On the Relativistic Origin of spin: A Case for the

Razmi, H.; MohammadKazemi, Abbas

doi:10.48310/esip.2025.21025.1022

On the Relativistic Origin of spin: A Case for the "Rest Angular Momentum"

Document Type : Original Paper

Authors

H. Razmi ¹
Abbas MohammadKazemi ²

¹ Department of Physics, University of Qom, Qom, Iran.

² Department of Physics, University of Qom, Qom, I. R. Iran.

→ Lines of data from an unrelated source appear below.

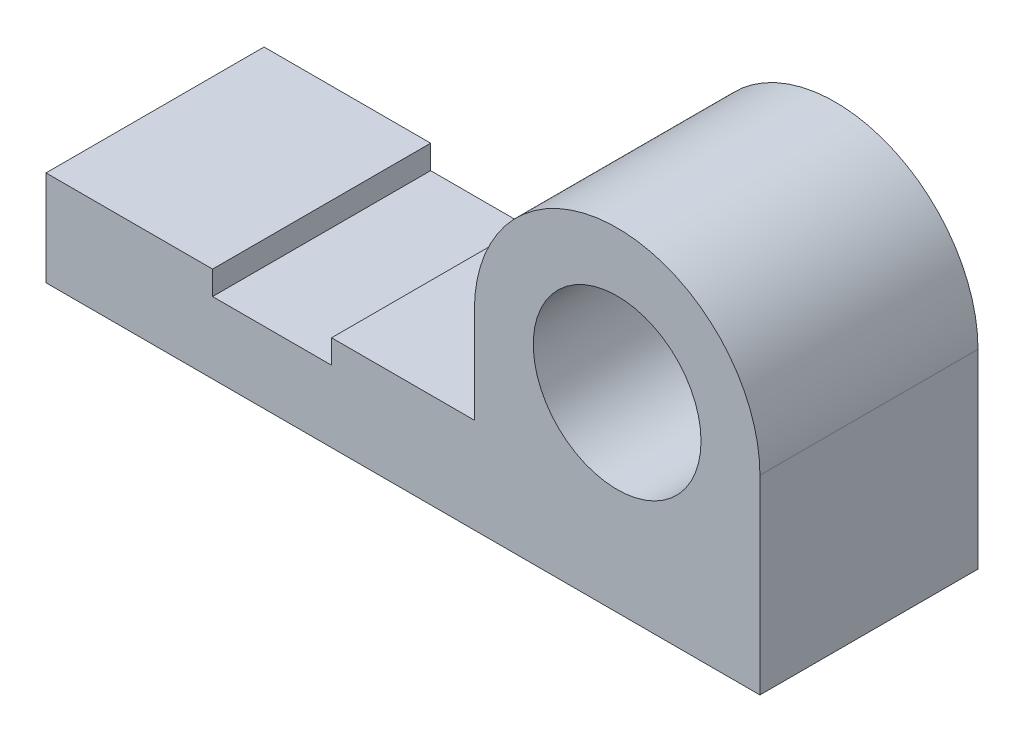
from build123d import *

# Parameters (mm, degrees)
SKETCH2_R           = 15
BOSS_EXTRUDE1_DEPTH = 39


with BuildPart() as part:
    # Sketch2 → Boss-Extrude1 (new body)
    with BuildSketch(Plane.XY):
        with BuildLine():
            Line((0, 0), (-127.68773646, 0))
            Line((-127.68773646, 0), (-127.68773646, 17.025031528))
            Line((-127.68773646, 17.025031528), (-97.893931286, 17.025031528))
            Line((-97.893931286, 17.025031528), (-97.893931286, 12.768773646))
            Line((-97.893931286, 12.768773646), (-76.612641876, 12.768773646))
            Line((-76.612641876, 12.768773646), (-76.612641876, 17.025031528))
            Line((-76.612641876, 17.025031528), (-51.075094584, 17.025031528))
            Line((-51.075094584, 17.025031528), (-51.075094584, 34.050063056))
            ThreePointArc((-51.075094584, 34.050063056), (-25.537547292, 59.587610348), (0, 34.050063056))
            Line((0, 34.050063056), (0, 0))
        make_face()
        with Locations((-25.537547292, 34.050063056)):
            Circle(SKETCH2_R, mode=Mode.SUBTRACT)
    extrude(amount=BOSS_EXTRUDE1_DEPTH)


solid = part.part
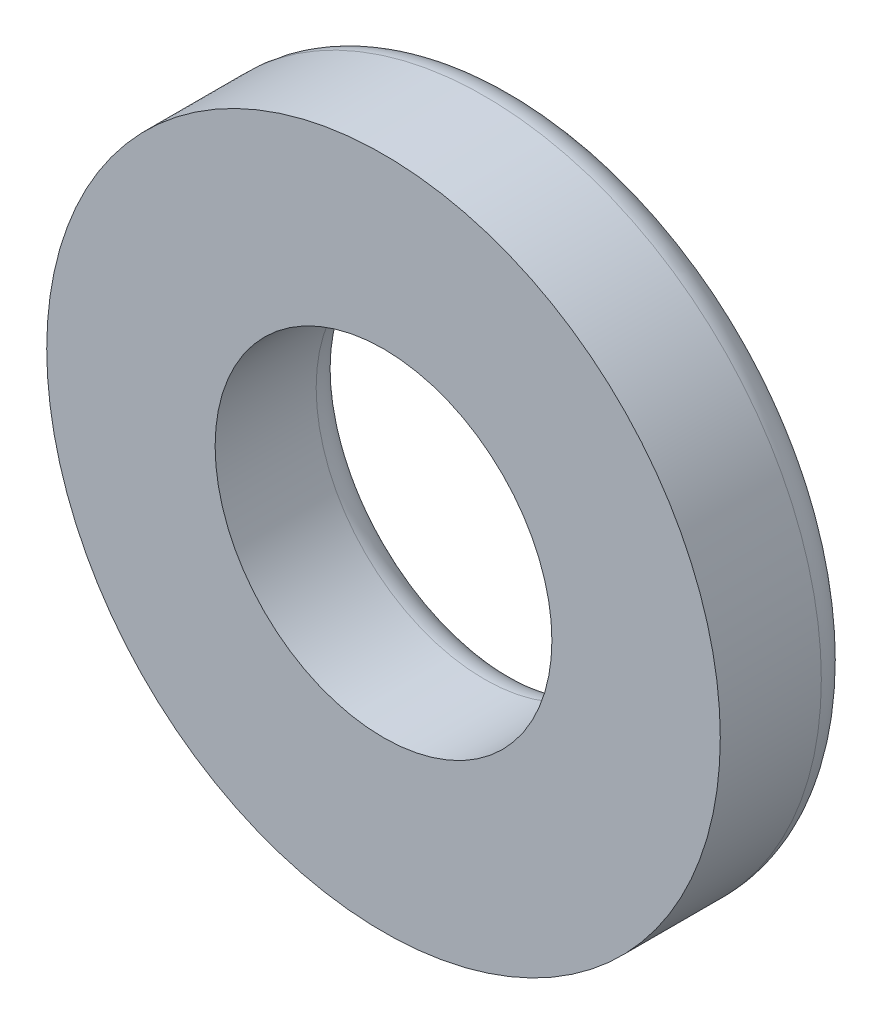
from build123d import *

# Parameters (mm, degrees)
SKETCH1_R           = 30
SKETCH1_R_2         = 15
BOSS_EXTRUDE1_DEPTH = 12
FILLET1_R           = 3


with BuildPart() as part:
    # Sketch1 → Boss-Extrude1 (new body)
    with BuildSketch(Plane.XY):
        Circle(SKETCH1_R)
        Circle(SKETCH1_R_2, mode=Mode.SUBTRACT)
    extrude(amount=BOSS_EXTRUDE1_DEPTH)

    # Fillet1
    fillet1_edges = [part.edges().sort_by_distance(p)[0] for p in [
        (-30, 0, 0),
        (-15, 0, 0),
    ]]
    fillet(fillet1_edges, radius=FILLET1_R)


solid = part.part
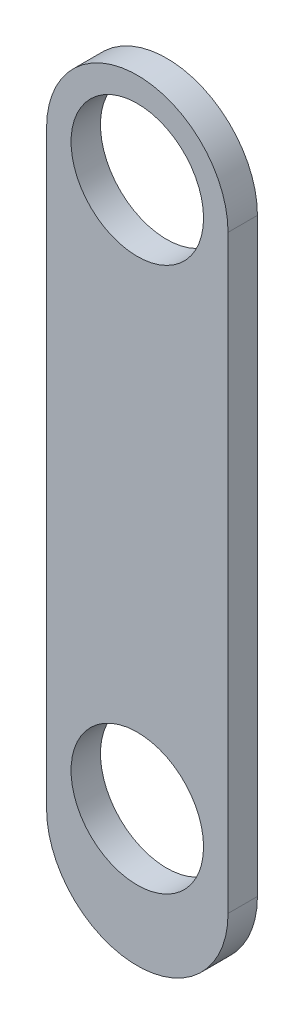
from build123d import *

# Parameters (mm, degrees)
SKETCH1_R           = 9.271
BOSS_EXTRUDE1_DEPTH = 4.1148


with BuildPart() as part:
    # Sketch1 → Boss-Extrude1 (new body)
    with BuildSketch(Plane.XY):
        with BuildLine():
            Line((0, 0), (0, 82.55))
            ThreePointArc((0, 82.55), (12.7, 95.25), (25.4, 82.55))
            Line((25.4, 82.55), (25.4, 0))
            ThreePointArc((25.4, 0), (12.7, -12.7), (0, 0))
        make_face()
        with Locations((12.7, 82.55)):
            Circle(SKETCH1_R, mode=Mode.SUBTRACT)
        with Locations((12.7, 6.35)):
            Circle(SKETCH1_R, mode=Mode.SUBTRACT)
    extrude(amount=BOSS_EXTRUDE1_DEPTH)


solid = part.part

10.48310/esip.2025.21025.1022

Abstract

The intrinsic angular momentum, or spin, is a cornerstone of modern physics with profound applications from nuclear magnetic resonance to spintronics. While its mathematical structure within quantum theory is well-defined, its fundamental origin is often less emphasized. This paper revisits the genesis of spin by examining its emergence in relativistic wave equations, its role in the Thomas precession, and its formulation for massless photons in electrodynamics. It is argued that these foundational elements collectively demonstrate that spin is inherently a consequence of relativistic spacetime symmetry, and its full manifestation requires the quantum framework. Consequently, the term "rest angular momentum" offers a more conceptually accurate description, highlighting its origin as an intrinsic property manifest even in an object's rest frame, as dictated by the Poincaré group. Spin, as an invariant property of any object, is the angular momentum an elementary particle possesses in its rest frame, where its orbital angular momentum is zero. This perspective aims to bridge the gap between advanced theoretical concepts and pedagogical clarity, emphasizing that relativity is not merely about high-speed phenomena but is fundamental to the structure of matter itself.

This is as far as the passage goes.